In 2019, the Consejo Regulador Rioja (Board of Directors) set new quality criteria. This is intended to strengthen consumer confidence in the Rioja brand. For this, new terms have been created that can appear on the label. These relate to the origin, the age of the vines, the expansion of the wines in terms of packaging and maturation time as well as production quantities. In future, the new terms are to be checked for further development every six months. All new terms are at the bottom of the label.
Viñas viejas : The wine must be made from 90% vines that are at least 35 to 100 years old
Viñas centenarias or Viñas prefiloxéricas : 90% of the wine must have been made from vines that are more than 100 years old (centenarias) or if they were planted before 1900 (prefiloxéricas = before phylloxera ).
Viñedos de altura : 90% of the wine must have been made from vines from over 550 meters above sea level.
Madurados en Bodegas (matured in the winery): Must only be used without references or pictures related to barrique, oak or wood. The terms "envejecido" or "aged" may not be used.

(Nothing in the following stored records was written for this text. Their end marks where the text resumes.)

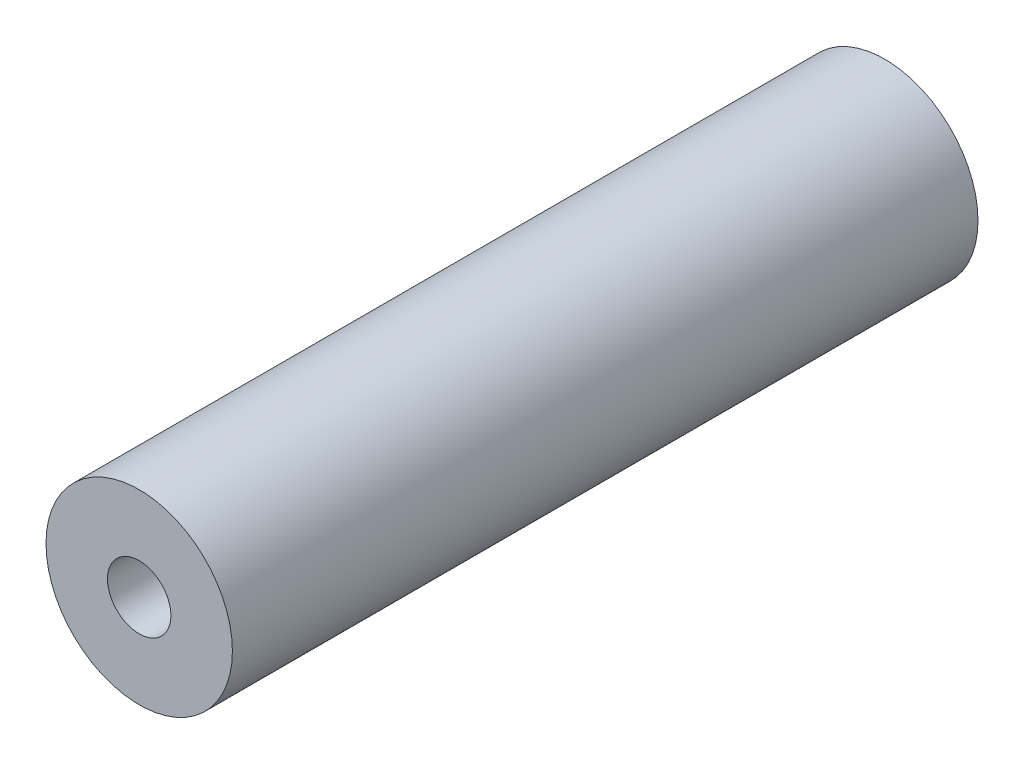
from build123d import *

# Parameters (mm, degrees)
SKETCH1_R           = 9.525
SKETCH1_R_2         = 3.2385
BOSS_EXTRUDE1_DEPTH = 38.1


with BuildPart() as part:
    # Sketch1 → Boss-Extrude1 (new, symmetric)
    with BuildSketch(Plane.XY):
        with Locations(Location((0, 0, 0), (0, 0, 180))):
            Circle(SKETCH1_R)
        with Locations(Location((0, 0, 0), (0, 0, 180))):
            Circle(SKETCH1_R_2, mode=Mode.SUBTRACT)
    extrude(amount=BOSS_EXTRUDE1_DEPTH, both=True)


solid = part.part

Ediciones or colecciones seleccionadas y limitadas (limited Quantities): Here the producer must list the number of bottles produced and what the edition or collection refers to.
Viñedos en propiedad (producer's vineyard): A wine with at least 90% vines from our own cultivated vineyards. The producer must have managed the sites continuously for at least ten years.
Embotellados en la propiedad ( Erzeugerabfüllung ): The producer is also the owner of the brand.
Nuevas elaboraciones con lías / hormigón / tinajas de barro : The terms "lias" ( yeast ), hormigón ( concrete tank ) or "tinajas de barro" ( ceramics ) may be used without the addition "madurado" (matured).
Cosecha : When using this term, the vintage to be named.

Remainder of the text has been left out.